# Marathon Navigator vs Traser P6500



## aaronlam (Oct 29, 2009)

I have been trying to decide between sterile versions of both. The sterile Navigator has no date... does that matter?

Love to hear your opinion...

Thanks!


aaron


----------



## deepcdvr (Dec 31, 2007)

Does the no date bother you? Bugs me (but I'm old).

I've had both watches and found the Traser a bit more robust (had the SS version). I think the Navigator has a low depth rating too, not sure though. The Traser is also bigger, I believe.

Good luck on your choice!


----------



## aaronlam (Oct 29, 2009)

No date = bugs me a little. But I am trying to talk myself out of it. I could always get the Navigator non-sterile with date.

I guess I kind of like the way the Navigator looks better but without having seen them in person, it's hard for me to judge. I have trolled through as many photos as I can get a hold of online.

Dive depth won't matter as this wouldn't be my dive watch.


----------



## Crusader (Apr 30, 2005)

The Traser is by far the sturdier watch ... see my thoughts here: http://www.tz-uk.com/forum/viewtopic.php?t=6447


----------



## aaronlam (Oct 29, 2009)

Oh man.. thanks. That's exactly the info I was looking for. Great review.
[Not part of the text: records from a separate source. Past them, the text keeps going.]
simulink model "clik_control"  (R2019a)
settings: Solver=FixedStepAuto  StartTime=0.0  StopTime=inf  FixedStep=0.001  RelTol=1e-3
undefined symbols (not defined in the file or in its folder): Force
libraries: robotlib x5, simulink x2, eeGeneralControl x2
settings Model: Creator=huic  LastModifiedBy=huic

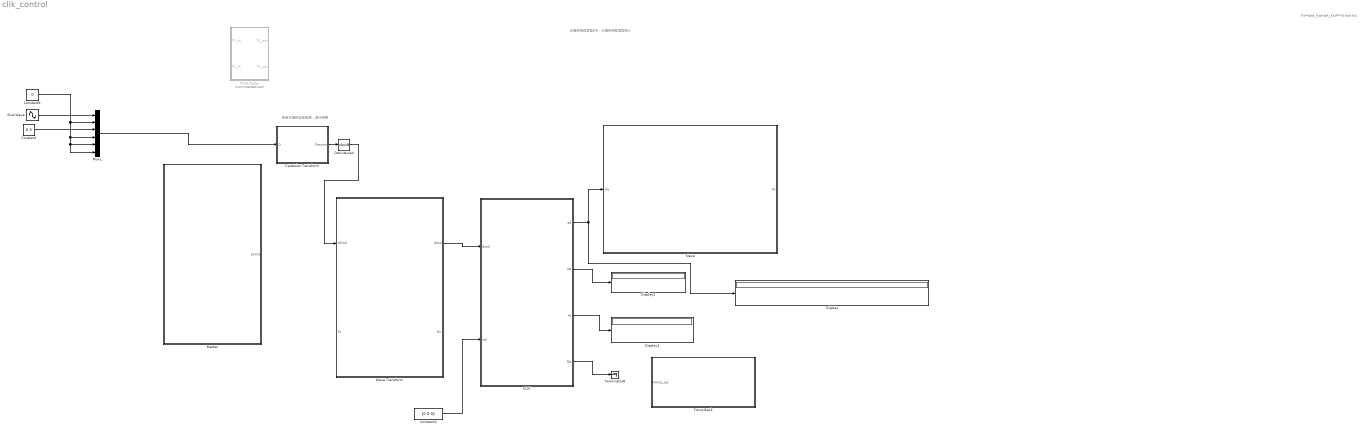
== system clik_control ==
  note: FS=(dot_Xsd-dot_Xs)*P+I(Xsd-Xs)
  note: 来自主端的位姿信息，进行映射
  note: 主端采用改进型DH，从端采用标准型DH
  " Time Delay" : Subsystem  Commented=on
  CLIK : Subsystem
  Cartesian Transform : MATLAB Function  TreatAsAtomicUnit=on
  Constant : Constant  Value=0.3
  Constant2 : Constant  Value=[0 0 0]'
  Constant6 : Constant  Value=0
  Derivative4 : Derivative
  Display : Display
  Display1 : Display
  Display2 : Display
  Force Back : Subsystem
  Master : Subsystem
  Mux1 : Mux  Inputs=6
  Sine Wave : Sin  Amplitude=0.8  Frequency=0.5  SampleTime=0
  Slave : Subsystem
  Terminator8 : Terminator
  Wave Transform : Subsystem
  wires:
  CLIK/2(we) -> Display2/1
  CLIK/3(xe) -> Display1/1
  Constant2/1 -> CLIK/2(wd)
  CLIK/4(Dp) -> Terminator8/1
  Constant6/1 -> Mux1/6, Mux1/5, Mux1/4, Mux1/2
  Constant/1 -> Mux1/3
  Sine Wave/1 -> Mux1/1
  Cartesian Transform/1(Postion) -> Derivative4/1
  CLIK/1(qd) -> Display/1, Slave/1(dq)
  Wave Transform/1(dXsd) -> CLIK/1(dxsd)
  Mux1/1 -> Cartesian Transform/1(Q)
  Derivative4/1 -> Wave Transform/1(dXmd)

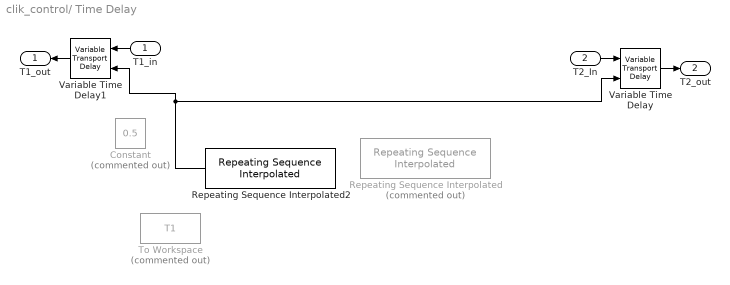
== system clik_control/ Time Delay ==
  T1_in : Inport
  T2_In : Inport  Port=2
  Constant : Constant  Commented=on  Value=0.5
  Repeating Sequence Interpolated : simulink/Sources/Repeating Sequence Interpolated  Commented=on  OutValues=[0 0 0.21 0.23 0.03 0.03 0.215 0.235 0.03].'  TimeValues=[0 2 4 8 10 12 14 18 20].'  LookUpMeth=Interpolation-Use End Values  tsamp=0.01  OutMin=[]  OutMax=[]  OutDataTypeStr=double  OutputDataTypeScalingMode=double  OutDataType=fixdt(0,8)  OutScaling=2^-10
  Repeating Sequence Interpolated2 : simulink/Sources/Repeating Sequence Interpolated  OutValues=[0 0 0.8 0.82 0.03 0].'  TimeValues=[0 2 4 8 9.8 10].'  LookUpMeth=Interpolation-Use End Values  tsamp=0.01  OutMin=[]  OutMax=[]  OutDataTypeStr=double  OutputDataTypeScalingMode=double  OutDataType=fixdt(0,8)  OutScaling=2^-10
  To Workspace : ToWorkspace  Commented=on  VariableName=T1  SaveFormat=Structure With Time  SampleTime=-1
  Variable Time Delay : VariableTransportDelay  MaximumDelay=10  MaximumPoints=10240  ZeroDelay=on
  Variable Time Delay1 : VariableTransportDelay  MaximumDelay=10  MaximumPoints=10240  ZeroDelay=on
  T1_out : Outport
  T2_out : Outport  Port=2
  wires:
  T1_in/1 -> Variable Time Delay1/1
  Variable Time Delay1/1 -> T1_out/1
  Variable Time Delay/1 -> T2_out/1
  T2_In/1 -> Variable Time Delay/1
  Repeating Sequence Interpolated2/1 -> Variable Time Delay1/2, Variable Time Delay/2

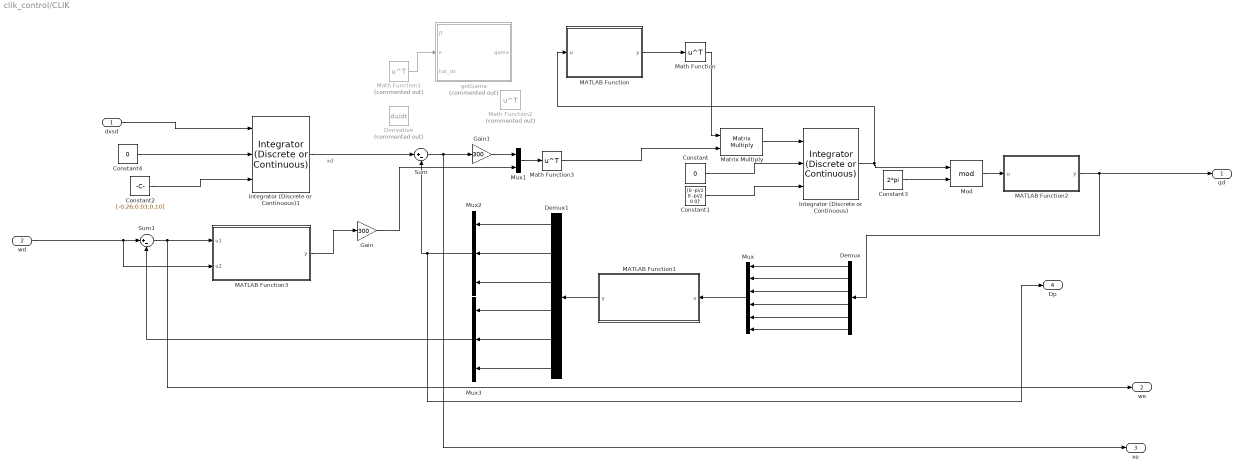
== system clik_control/CLIK ==
  note: xd
  dxsd : Inport
  wd : Inport  Port=2
  Constant : Constant  Value=0
  Constant1 : Constant  Value=[0 -pi/2 0 -pi/2 0 0]'
  Constant2 : Constant  Value=[-0.26;0.03;0.10]
  Constant3 : Constant  Value=2*pi
  Constant4 : Constant  Value=0
  Demux : Demux  Outputs=[1 1 1 1 1 1]
  Demux1 : Demux  Outputs=[1 1 1 1 1 1]
  Derivative : Derivative  Commented=on
  Gain : Gain  Gain=300
  Gain1 : Gain  Gain=300
  Integrator (Discrete or Continuous) : eeGeneralControl/Integrator (Discrete or Continuous)  LabelModeActiveChoice=Continuous  ExternalReset=level  LimitType=Anti-windup  B=inf  A=-inf  Ts=0
      settings: SourceProductName=Simscape Electrical  SourceProductBaseCode=PS
  Integrator (Discrete or Continuous)1 : eeGeneralControl/Integrator (Discrete or Continuous)  LabelModeActiveChoice=Discrete  ExternalReset=level  LimitType=Anti-windup  B=[0.45;0.45;0.55]  A=[-0.45;-0.45;-0.12]  Ts=-1
      settings: SourceProductName=Simscape Electrical  SourceProductBaseCode=PS
  MATLAB Function : MATLAB Function  TreatAsAtomicUnit=on
  MATLAB Function1 : MATLAB Function  TreatAsAtomicUnit=on
  MATLAB Function2 : MATLAB Function  TreatAsAtomicUnit=on
  MATLAB Function3 : MATLAB Function  TreatAsAtomicUnit=on
  Math Function : Math  Operator=transpose  SaturateOnIntegerOverflow=on
  Math Function1 : Math  Commented=on  Operator=transpose  SaturateOnIntegerOverflow=on
  Math Function2 : Math  Commented=on  Operator=transpose  SaturateOnIntegerOverflow=on
  Math Function3 : Math  Operator=transpose  SaturateOnIntegerOverflow=on
  Matrix Multiply : Product  Multiplication=Matrix(*)
  Mod : Math  Operator=mod  SaturateOnIntegerOverflow=on
  Mux : Mux  Inputs=[1 1 1 1 1 1]
  Mux1 : Mux  Inputs=2
  Mux2 : Mux  Inputs=[1 1 1]
  Mux3 : Mux  Inputs=[1 1 1]
  Sum : Sum  Inputs=|+-
  Sum1 : Sum  Inputs=|+-
  getGama : MATLAB Function  Commented=on  TreatAsAtomicUnit=on
  qd : Outport
  we : Outport  Port=2
  xe : Outport  Port=3
  Dp : Outport  Port=4
  wires:
  Demux/2 -> Mux/2
  Integrator (Discrete or Continuous)/1 -> MATLAB Function/1(u), Mod/1
  Math Function/1 -> Matrix Multiply/1
  Demux/5 -> Mux/5
  Mux/1 -> MATLAB Function1/1(u)
  MATLAB Function2/1(y) -> qd/1, Demux/1
  Demux/4 -> Mux/4
  Demux1/5 -> Mux3/2
  Demux/6 -> Mux/6
  wd/1 -> MATLAB Function3/2(u2), Sum1/1
  Demux/1 -> Mux/1
  Demux/3 -> Mux/3
  Matrix Multiply/1 -> Integrator (Discrete or Continuous)/1
  Mux3/1 -> Sum1/2
  Constant3/1 -> Mod/2
  Mux2/1 -> Sum/2, Dp/1
  Demux1/4 -> Mux3/1
  Mod/1 -> MATLAB Function2/1(u)
  Demux1/1 -> Mux2/1
  Demux1/2 -> Mux2/2
  MATLAB Function1/1(y) -> Demux1/1
  Demux1/3 -> Mux2/3
  Sum1/1 -> we/1, MATLAB Function3/1(u1)
  Constant1/1 -> Integrator (Discrete or Continuous)/3
  Demux1/6 -> Mux3/3
  Constant/1 -> Integrator (Discrete or Continuous)/2
  MATLAB Function/1(y) -> Math Function/1
  Constant4/1 -> Integrator (Discrete or Continuous)1/2
  dxsd/1 -> Integrator (Discrete or Continuous)1/1
  Constant2/1 -> Integrator (Discrete or Continuous)1/3
  Sum/1 -> Gain1/1, xe/1
  Math Function3/1 -> Matrix Multiply/2
  Integrator (Discrete or Continuous)1/1 -> Sum/1
  Math Function1/1 -> getGama/2(e)
  MATLAB Function3/1(y) -> Gain/1
  Gain1/1 -> Mux1/1
  Gain/1 -> Mux1/2
  Mux1/1 -> Math Function3/1

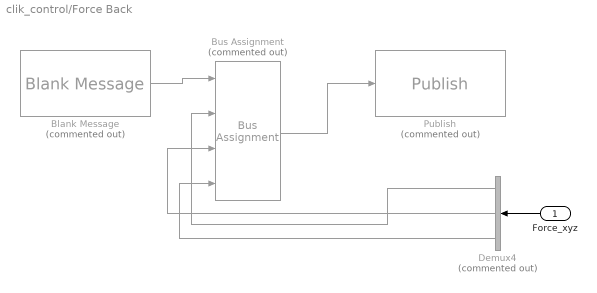
== system clik_control/Force Back ==
  Force_xyz : Inport
  Blank Message : robotlib/Blank Message  Commented=on  messageClass=Message  entityType=omni_msgs/OmniFeedback  messageType=omni_msgs/OmniFeedback  SampleTime=inf
      settings: SourceProductBaseCode=RO
  Bus Assignment : BusAssignment  Commented=on  AssignedSignals=Force.X,Force.Y,Force.Z
  Demux4 : Demux  Commented=on  Outputs=3
  Publish : robotlib/Publish  Commented=on  topicSource=Select from ROS network  topic=/phantom/phantom/force_feedback  messageType=omni_msgs/OmniFeedback  messageQueueLength=1
      settings: SourceProductBaseCode=RO
  wires:
  Demux4/3 -> Bus Assignment/4
  Demux4/2 -> Bus Assignment/3
  Bus Assignment/1 -> Publish/1
  Blank Message/1 -> Bus Assignment/1
  Force_xyz/1 -> Demux4/1
  Demux4/1 -> Bus Assignment/2

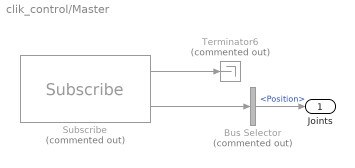
== system clik_control/Master ==
  Bus Selector : BusSelector  Commented=on  OutputSignals=Position
  Subscribe : robotlib/Subscribe  Commented=on  topicSource=Select from ROS network  topic=/phantom/phantom/joint_states  messageType=sensor_msgs/JointState  sampleTime=-1  messageQueueLength=1
      settings: SourceProductBaseCode=RO
  Terminator6 : Terminator  Commented=on
  Joints : Outport
  wires:
  Bus Selector/1 -> Joints/1  "<Position>"
  Subscribe/1 -> Terminator6/1
  Subscribe/2 -> Bus Selector/1

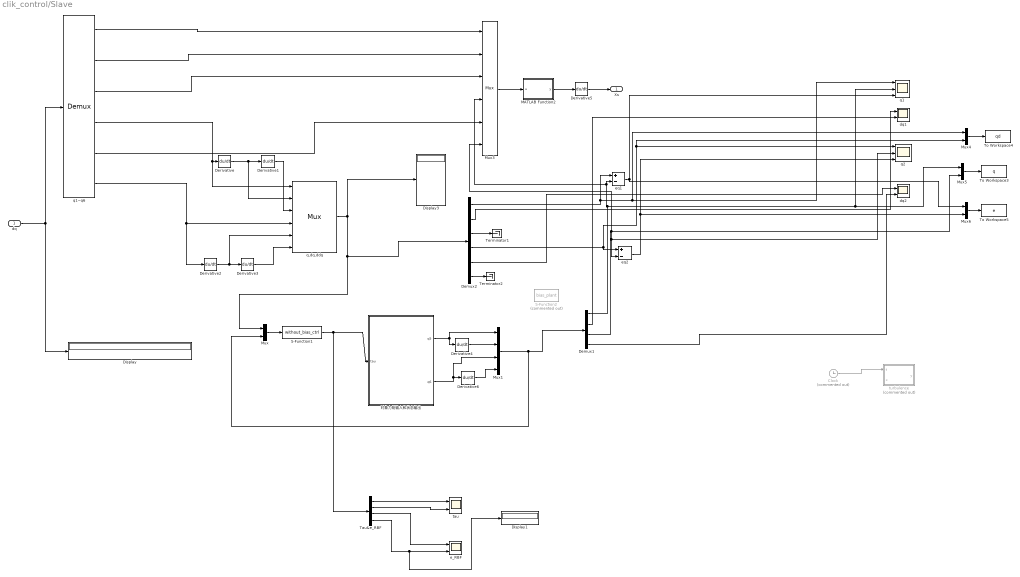
== system clik_control/Slave ==
  dq : Inport
  Clock : Clock  Commented=on
  Demux1 : Demux
  Demux2 : Demux  Outputs=6
  Derivative{,1..6} (7 alike) : Derivative
  Display : Display
  Display1 : Display
  Display3 : Display
  MATLAB Function2 : MATLAB Function  TreatAsAtomicUnit=on
  Mux{,4..6} (4 alike) : Mux  Inputs=2
  Mux1 : Mux
  Mux3 : Mux  Inputs=6
  S-Function1 : S-Function  FunctionName=without_bias_ctrl  SFunctionDeploymentMode=off  EnableBusSupport=off
  S-Function2 : S-Function  Commented=on  FunctionName=bias_plant  SFunctionDeploymentMode=off  EnableBusSupport=off
  Tau&e_RBF : Demux
  Terminator1 : Terminator
  Terminator2 : Terminator
  To Workspace3 : ToWorkspace  VariableName=q  SaveFormat=Structure With Time  SampleTime=-1
  To Workspace4 : ToWorkspace  VariableName=qd  SaveFormat=Structure With Time  SampleTime=-1
  To Workspace5 : ToWorkspace  VariableName=e  SaveFormat=Structure With Time  SampleTime=-1
  dq1 : Scope  NumInputPorts=2
  dq2 : Scope  NumInputPorts=2
  e_RBF : Scope  NumInputPorts=2
  eq1 : Sum  Inputs=+-
  eq2 : Sum  Inputs=+-
  q,dq,ddq : Mux  Inputs=6
  q1 : Scope  NumInputPorts=3
  q1~q6 : Demux  Outputs=6
  q2 : Scope  NumInputPorts=3
  tau : Scope  NumInputPorts=2
  turbulence : MATLAB Function  Commented=on  TreatAsAtomicUnit=on
  对象力矩输入和状态输出 : Subsystem
  Xs : Outport
  wires:
  Demux2/2 -> dq1/1
  Mux6/1 -> To Workspace5/1
  q1~q6/6 -> Derivative2/1, q,dq,ddq/4
  q1~q6/5 -> Mux3/5
  Tau&e_RBF/3 -> e_RBF/1
  dq/1 -> Display/1, q1~q6/1
  q,dq,ddq/1 -> Display3/1, Demux2/1, Mux/1
  S-Function1/1 -> Tau&e_RBF/1, 对象力矩输入和状态输出/1(tau)
  Demux1/3 -> Mux5/2, eq2/2, q2/2, Mux3/6
  Demux1/1 -> Mux3/4, eq1/2, Mux5/1, q1/2
  q1~q6/4 -> Derivative/1, q,dq,ddq/1
  eq2/1 -> Mux6/2, q2/3
  Clock/1 -> turbulence/1(t)
  Derivative5/1 -> Xs/1
  Derivative/1 -> Derivative1/1, q,dq,ddq/2
  Derivative2/1 -> Derivative3/1, q,dq,ddq/5
  q1~q6/2 -> Mux3/2
  Derivative1/1 -> q,dq,ddq/3
  Mux4/1 -> To Workspace4/1
  Demux2/3 -> Terminator1/1
  Demux2/6 -> Terminator2/1
  Demux1/4 -> dq2/2
  MATLAB Function2/1(y) -> Derivative5/1
  Demux2/4 -> Mux4/2, q2/1, eq2/1
  q1~q6/3 -> Mux3/3
  Derivative3/1 -> q,dq,ddq/6
  Mux3/1 -> MATLAB Function2/1(u)
  Tau&e_RBF/1 -> tau/1
  Demux2/5 -> dq2/1
  Tau&e_RBF/4 -> Display1/1, e_RBF/2
  Mux5/1 -> To Workspace3/1
  Mux/1 -> S-Function1/1
  q1~q6/1 -> Mux3/1
  Demux2/1 -> eq1/1, Mux4/1, q1/1
  Tau&e_RBF/2 -> tau/2
  eq1/1 -> Mux6/1, q1/3
  Demux1/2 -> dq1/2
  对象力矩输入和状态输出/1(q5) -> Mux1/1, Derivative4/1
  Derivative4/1 -> Mux1/2
  对象力矩输入和状态输出/2(q6) -> Mux1/3, Derivative6/1
  Derivative6/1 -> Mux1/4
  Mux1/1 -> Mux/2, Demux1/1

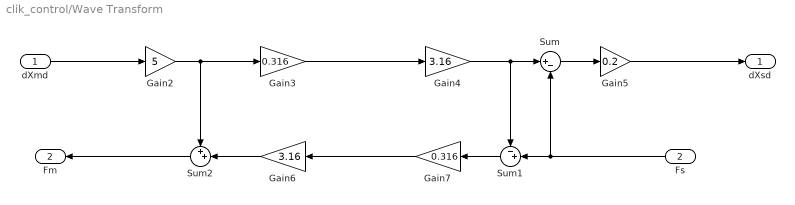
== system clik_control/Wave Transform ==
  dXmd : Inport
  Fs : Inport  Port=2
  Gain2 : Gain  Gain=5
  Gain3 : Gain  Gain=0.316
  Gain4 : Gain  Gain=3.16
  Gain5 : Gain  Gain=0.2
  Gain6 : Gain  Gain=3.16
  Gain7 : Gain  Gain=0.316
  Sum : Sum  Inputs=|+-
  Sum1 : Sum  Inputs=-+|
  Sum2 : Sum  Inputs=++|
  dXsd : Outport
  Fm : Outport  Port=2
  wires:
  Gain6/1 -> Sum2/2
  Gain2/1 -> Gain3/1, Sum2/1
  Sum2/1 -> Fm/1
  Gain3/1 -> Gain4/1
  Fs/1 -> Sum/2, Sum1/2
  Sum/1 -> Gain5/1
  Gain7/1 -> Gain6/1
  Sum1/1 -> Gain7/1
  Gain4/1 -> Sum1/1, Sum/1
  dXmd/1 -> Gain2/1
  Gain5/1 -> dXsd/1

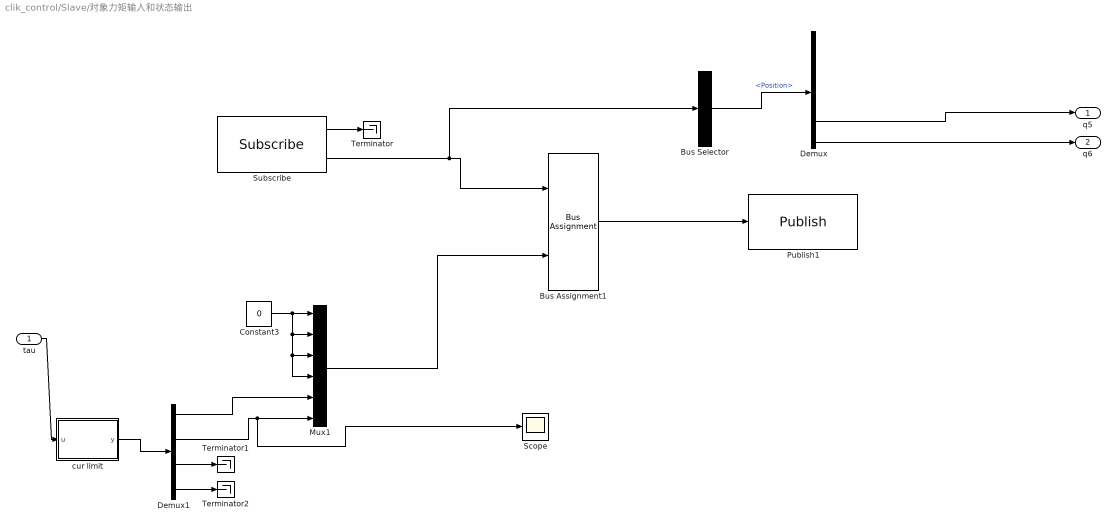
== system clik_control/Slave/对象力矩输入和状态输出 ==
  tau : Inport
  Bus Assignment1 : BusAssignment  AssignedSignals=Position
  Bus Selector : BusSelector  OutputSignals=Position
  Constant3 : Constant  Value=0
  Demux : Demux  Outputs=6
  Demux1 : Demux
  Mux1 : Mux  Inputs=6
  Publish1 : robotlib/Publish  topicSource=Select from ROS network  topic=/joint_states  messageType=sensor_msgs/JointState  messageQueueLength=1
      settings: SourceProductBaseCode=RO
  Scope : Scope
  Subscribe : robotlib/Subscribe  topicSource=Select from ROS network  topic=/joint_posStates  messageType=sensor_msgs/JointState  sampleTime=-1  messageQueueLength=1
      settings: SourceProductBaseCode=RO
  Terminator : Terminator
  Terminator1 : Terminator
  Terminator2 : Terminator
  cur limit : MATLAB Function  TreatAsAtomicUnit=on
  q5 : Outport
  q6 : Outport  Port=2
  wires:
  Demux/6 -> q6/1
  Bus Selector/1 -> Demux/1  "<Position>"
  Constant3/1 -> Mux1/4, Mux1/3, Mux1/2, Mux1/1
  Subscribe/1 -> Terminator/1
  Mux1/1 -> Bus Assignment1/2
  Bus Assignment1/1 -> Publish1/1
  Subscribe/2 -> Bus Selector/1, Bus Assignment1/1
  Demux/5 -> q5/1
  Demux1/1 -> Mux1/5
  Demux1/2 -> Scope/1, Mux1/6
  Demux1/3 -> Terminator1/1
  Demux1/4 -> Terminator2/1
  cur limit/1(y) -> Demux1/1
  tau/1 -> cur limit/1(u)

== matlab function clik_control/CLIK/MATLAB Function1 ==
  data: u input; y output
function y = getpose(u)
a2=-0.2035;a3=-0.17442;d1=0.1205;d4=0.08009;
d5=0.08009;
q1=u(1);
q2=u(2);
q3=u(3);
q4=u(4);
q5=u(5);
q6=u(6);
%求运动学正解
T01 = [cos(q1) 0 sin(q1) 0;sin(q1) 0 -cos(q1) 0;0 1 0 d1;0 0 0 1];
T12 = [cos(q2) -sin(q2) 0 a2*cos(q2);sin(q2) cos(q2) 0 a2*sin(q2);0 0 1 0;0 0 0 1];
T23 = [cos(q3) -sin(q3) 0 a3*cos(q3);sin(q3) cos(q3) 0 a3*sin(q3);0 0 1 0;0 0 0 1];
T34 = [cos(q4) 0 sin(q4) 0;sin(q4) 0 -cos(q4) 0;0 1 0 d4;0 0 0 1];
T45 = [cos(q5) 0 -sin(q5)  0;sin(q5) 0 cos(q5) 0;0 -1 0 d5;0 0 0 1];
T56 = [cos(q6) -sin(q6) 0 0;sin(q6) cos(q6) 0 0;0 0 1 0;0 0 0 1];
T06 = T01*T12*T23*T34*T45*T56;

y1=T06(1:3,4);
y2=tform2eul(T06);
y=[y1;y2'];

== matlab function clik_control/CLIK/MATLAB Function ==
  data: u input; y output
function y = getjacob(u)
%标准型雅可比矩阵求解
a2=-0.2035;a3=-0.17442;d1=0.1205;d4=0.08009;
d5=0.08009;
q=u;
%求运动学正解
T01 = [cos(q(1)) 0 sin(q(1)) 0;sin(q(1)) 0 -cos(q(1)) 0;0 1 0 d1;0 0 0 1];
T12 = [cos(q(2)) -sin(q(2)) 0 a2*cos(q(2));sin(q(2)) cos(q(2)) 0 a2*sin(q(2));0 0 1 0;0 0 0 1];
T23 = [cos(q(3)) -sin(q(3)) 0 a3*cos(q(3));sin(q(3)) cos(q(3)) 0 a3*sin(q(3));0 0 1 0;0 0 0 1];
T34 = [cos(q(4)) 0 sin(q(4)) 0;sin(q(4)) 0 -cos(q(4)) 0;0 1 0 d4;0 0 0 1];
T45 = [cos(q(5)) 0 -sin(q(5))  0;sin(q(5)) 0 cos(q(5)) 0;0 -1 0 d5;0 0 0 1];
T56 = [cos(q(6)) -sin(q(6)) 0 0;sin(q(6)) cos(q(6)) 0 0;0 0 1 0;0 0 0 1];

And I love your website's tagline


----------



## Crusader (Apr 30, 2005)

aaronlam said:


> And I love your website's tagline


It's not _my _website ... this here is, in a way. ;-)


----------



## ecalzo (Oct 18, 2006)

Crusader said:


> The Traser is by far the sturdier watch ... see my thoughts here: http://www.tz-uk.com/forum/viewtopic.php?t=6447


i have to agree Martin....
but the marathon does have it's own scent in my opinion.....
that's why , after some traser p5900, p6500, p6502 and luminox i ended
buying this one......
marathon navigator US-government tritium tubes used in aircraft watch....
:-d:-d


----------



## withthesword (Apr 16, 2008)

between the two of them, i love the authenticity of a Marathon Navigator, but the acrylic crystal gets to me every time, and i feel like i have to baby it to keep it looking good. the traser wins ONLY because of the mineral crystal.

if there was a way to replace the crystal on my navigator, i'd do that right quick.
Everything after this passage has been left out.